Quick, intelligent. Wants to get things done. Wishes she was a man. Doesn’t think too deeply, but catches on in a hurry. Very frank and open . . . Impulsive to point of precipitation . . . A clever brainy woman. Sees the Western viewpoint. (By this I mean she can appreciate the mental reactions of a foreigner to the twisting, indirect and undercover methods of Chinese politics and warmaking.) Direct, forceful, energetic, loves power, eats up publicity and flattery, pretty weak on her history. No concession to the Western viewpoint in all China’s foreign relations. The Chinese were always right; the foreigners were always wrong. Writes entertainingly but superficially, with plenty of sarcasm for Western failings but without mention of any of China’s little faults. Can turn on charm at will. And knows it. Great influence on Chiang K’ai-shek mostly along the right lines, too. A great help on several occasions. 23

By late 1942, Stilwell’s private papers reveal him becoming ever more doubtful about his own role in US–China relations, and Soong Mayling’s role as her husband’s adviser. 24 During the war, as his friction with the Generalissimo steadily increased, Stilwell became more skeptical of Soong Mayling as well, recognizing the charm he had noted earlier as a tool she used strategically. Leading a tour of Kunming and Chungking for five US Senators in August 1944 whom he hoped to influence respecting the corruption of the Kuomintang (KMT or the Nationalist Party) regime, he found his intentions thwarted: “May [Mme. Chiang] turned on the glamor and I don’t know who won.” 25

Historian Barbara Tuchman assesses Soong Mayling’s role as translator for her husband as having frequently softened the strong and quite direct tone from “Vinegar Joe” Stilwell and American military leadership, who sought more aggressive action from Chinese military against Japanese forces. 26 In this Mayling (alongside Chiang’s other advisors), in keeping with Chinese traditions of indirect, face-saving communication, might well have made the disastrous situation worse.

President Roosevelt appears not to have spoken to his confidants or family about his impressions of Madame Chiang.
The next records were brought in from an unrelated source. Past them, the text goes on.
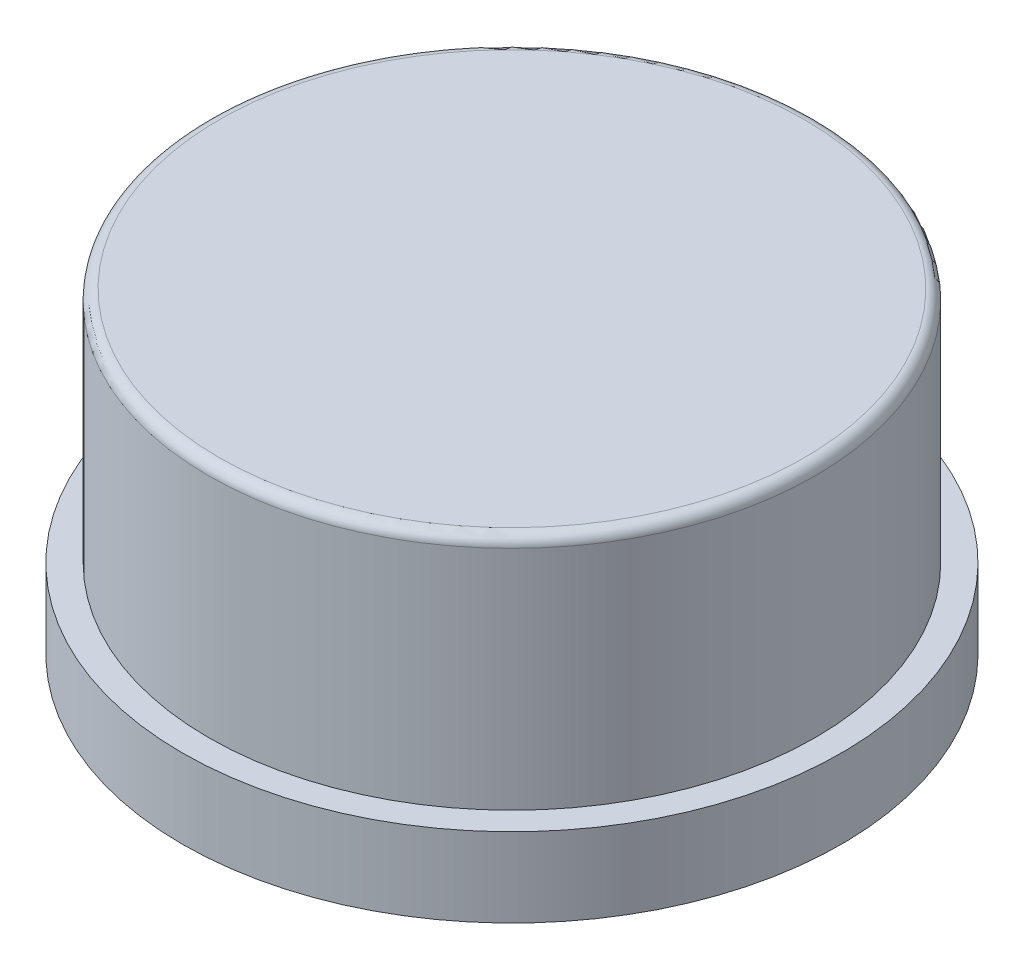
from build123d import *

# Parameters (mm, degrees)
SKETCH7_R           = 6.25
BOSS_EXTRUDE2_DEPTH = 1.5
SKETCH8_R           = 5.75
BOSS_EXTRUDE3_DEPTH = 4.5
FILLET4_R           = 0.2
SKETCH9_W           = 5
SKETCH9_H           = 5
BOSS_EXTRUDE4_DEPTH = 0.1
SHELL3_T            = -0.6


with BuildPart() as part:
    # Sketch7 → Boss-Extrude2 (new body)
    with BuildSketch(Plane(origin=(0, 0, 0), x_dir=(1, 0, 0), z_dir=(0, 1, 0))):
        with Locations(Location((0, 0, 0), (0, 0, 270))):
            Circle(SKETCH7_R)
    extrude(amount=BOSS_EXTRUDE2_DEPTH)

    # Sketch8 → Boss-Extrude3 (add)
    with BuildSketch(Plane(origin=(0, 1.5, 0), x_dir=(1, 0, 0), z_dir=(0, 1, 0))):
        with Locations(Location((0, 0, 0), (0, 0, 270))):
            Circle(SKETCH8_R)
    extrude(amount=BOSS_EXTRUDE3_DEPTH)

    # Fillet4
    fillet4_edges = [part.edges().sort_by_distance(p)[0] for p in [
        (0, 6, -5.75),
    ]]
    fillet(fillet4_edges, radius=FILLET4_R)

    # Sketch9 → Boss-Extrude4 (add)
    with BuildSketch(Plane.XZ):
        Rectangle(SKETCH9_W, SKETCH9_H)
    extrude(amount=BOSS_EXTRUDE4_DEPTH)

    # Shell3
    shell3_openings = [part.faces().sort_by_distance(p)[0] for p in [
        (0, -0.1, 0),
    ]]
    offset(amount=SHELL3_T, openings=shell3_openings, kind=Kind.INTERSECTION)


solid = part.part
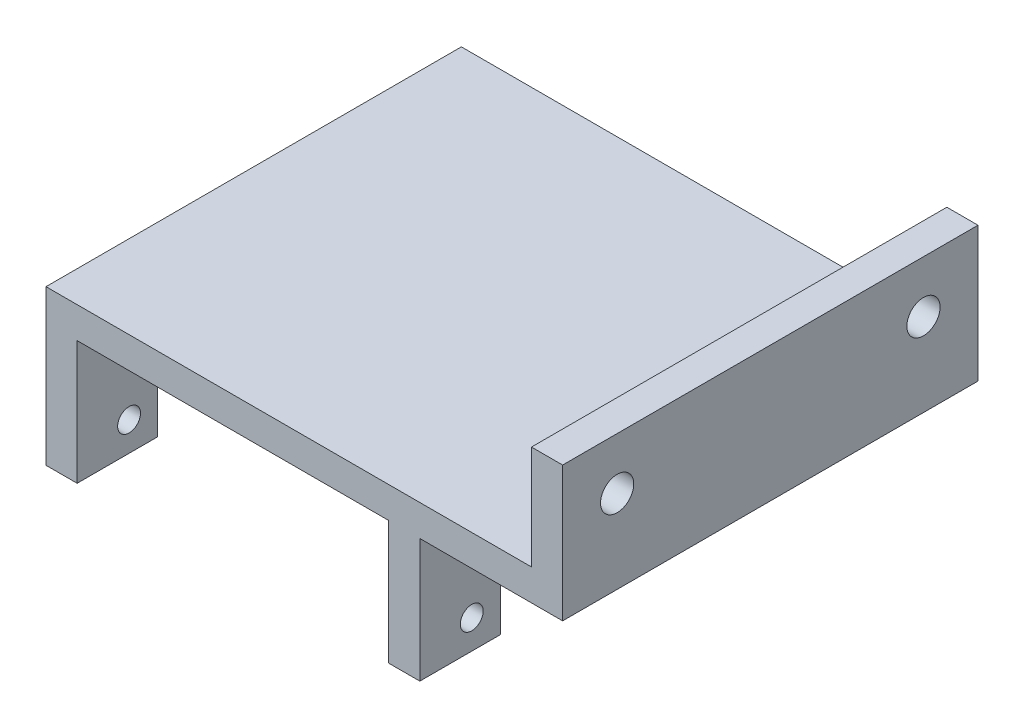
from build123d import *

# Parameters (mm, degrees)
SKETCH2_W           = 49.75
SKETCH2_H           = 40
BOSS_EXTRUDE1_DEPTH = 3
SKETCH2_4_W         = 3
SKETCH2_4_H         = 40
BOSS_EXTRUDE3_DEPTH = 11.9
SKETCH2_5_W         = 3
SKETCH2_5_H         = 40
BOSS_EXTRUDE4_DEPTH = 13
CUT_EXTRUDE1_REACH  = 57.173
SKETCH3_R           = 1.1
SKETCH3_W           = 24.5
SKETCH3_H           = 6.4
SKETCH4_R           = 1.6
CUT_EXTRUDE2_DEPTH  = 3


with BuildPart() as part:
    # Sketch2 → Boss-Extrude1 (new body)
    with BuildSketch(Plane(origin=(0, 0, 0), x_dir=(1, 0, 0), z_dir=(0, 1, 0))):
        Rectangle(SKETCH2_W, SKETCH2_H)
    extrude(amount=BOSS_EXTRUDE1_DEPTH)

    # Sketch2<4> → Boss-Extrude3 (add)
    with BuildSketch(Plane(origin=(0, 0, 0), x_dir=(1, 0, 0), z_dir=(0, 1, 0))):
        with Locations((9.625, 0)):
            Rectangle(SKETCH2_4_W, SKETCH2_4_H)
        with Locations((-23.375, 0)):
            Rectangle(SKETCH2_4_W, SKETCH2_4_H)
    extrude(amount=-BOSS_EXTRUDE3_DEPTH)

    # Sketch2<5> → Boss-Extrude4 (add)
    with BuildSketch(Plane(origin=(0, 0, 0), x_dir=(1, 0, 0), z_dir=(0, 1, 0))):
        with Locations((23.375, 0)):
            Rectangle(SKETCH2_5_W, SKETCH2_5_H)
    extrude(amount=BOSS_EXTRUDE4_DEPTH)

    # Cut-Extrude1: up to this face of the body (flat: up to its plane)
    cut_extrude1_end = Plane(part.part.faces().sort_by_distance((11.125, -5.95, 0))[0])
    # Sketch3 → Cut-Extrude1 (cut, up to the picked face)
    with BuildSketch(Plane.ZY.offset(24.875), mode=Mode.PRIVATE) as cut_extrude1_sk1:
        with Locations((-8.5, -2.8)):
            Circle(SKETCH3_R)
    cut_extrude1_tool1 = split(extrude(cut_extrude1_sk1.sketch, amount=-CUT_EXTRUDE1_REACH, mode=Mode.PRIVATE), bisect_by=cut_extrude1_end, keep=Keep.BOTH, mode=Mode.PRIVATE)
    # Sketch3 → Cut-Extrude1 (cut, up to the picked face)
    with BuildSketch(Plane.ZY.offset(24.875), mode=Mode.PRIVATE) as cut_extrude1_sk2:
        with Locations((-15, -9.1)):
            Circle(SKETCH3_R)
    cut_extrude1_tool2 = split(extrude(cut_extrude1_sk2.sketch, amount=-CUT_EXTRUDE1_REACH, mode=Mode.PRIVATE), bisect_by=cut_extrude1_end, keep=Keep.BOTH, mode=Mode.PRIVATE)
    # Sketch3 → Cut-Extrude1 (cut, up to the picked face)
    with BuildSketch(Plane.ZY.offset(24.875), mode=Mode.PRIVATE) as cut_extrude1_sk3:
        with Locations((0, -8.7)):
            Rectangle(SKETCH3_W, SKETCH3_H)
    cut_extrude1_tool3 = split(extrude(cut_extrude1_sk3.sketch, amount=-CUT_EXTRUDE1_REACH, mode=Mode.PRIVATE), bisect_by=cut_extrude1_end, keep=Keep.BOTH, mode=Mode.PRIVATE)
    cut_extrude1_1 = cut_extrude1_tool1.solids().sort_by(Axis((-24.875, -2.8, -8.5), (1, 0, 0)))[0]
    add(cut_extrude1_1, mode=Mode.SUBTRACT)
    cut_extrude1_2 = cut_extrude1_tool2.solids().sort_by(Axis((-24.875, -9.1, -15), (1, 0, 0)))[0]
    add(cut_extrude1_2, mode=Mode.SUBTRACT)
    cut_extrude1_3 = cut_extrude1_tool3.solids().sort_by(Axis((-24.875, -8.7, 0), (1, 0, 0)))[0]
    add(cut_extrude1_3, mode=Mode.SUBTRACT)
    cut_extrude1 = cut_extrude1_1 + cut_extrude1_2 + cut_extrude1_3  # Cut-Extrude1 as one shape, for the pattern or mirror that repeats it

    # Sketch4 → Cut-Extrude2 (cut)
    with BuildSketch(Plane.ZY.offset(-21.875)):
        with Locations((-14.75, 8)):
            Circle(SKETCH4_R)
    cut_extrude2 = extrude(amount=-CUT_EXTRUDE2_DEPTH, mode=Mode.SUBTRACT)

    # Mirror2: Cut-Extrude1, Cut-Extrude2 across plane
    add(cut_extrude1.mirror(Plane.XY), mode=Mode.SUBTRACT)
    add(cut_extrude2.mirror(Plane.XY), mode=Mode.SUBTRACT)


solid = part.part

However, close to the end of his life, Roosevelt revealed to Edgar Snow that he realized, too late, that his decisions during the war had been based on limited information: “I was never able to form any opinion of Chiang at Cairo. When I thought about it later I realized that all I knew was what Madame Chiang told me about her husband and what he thought.” 27 This comment raises several interesting questions: Was Soong Mayling overly protective of her husband and, by extension, of her own position? Was she following Chinese courtly translation patterns from the past? Might Roosevelt have insisted on the presence of a trusted US translator to ease concerns and alleviate doubts?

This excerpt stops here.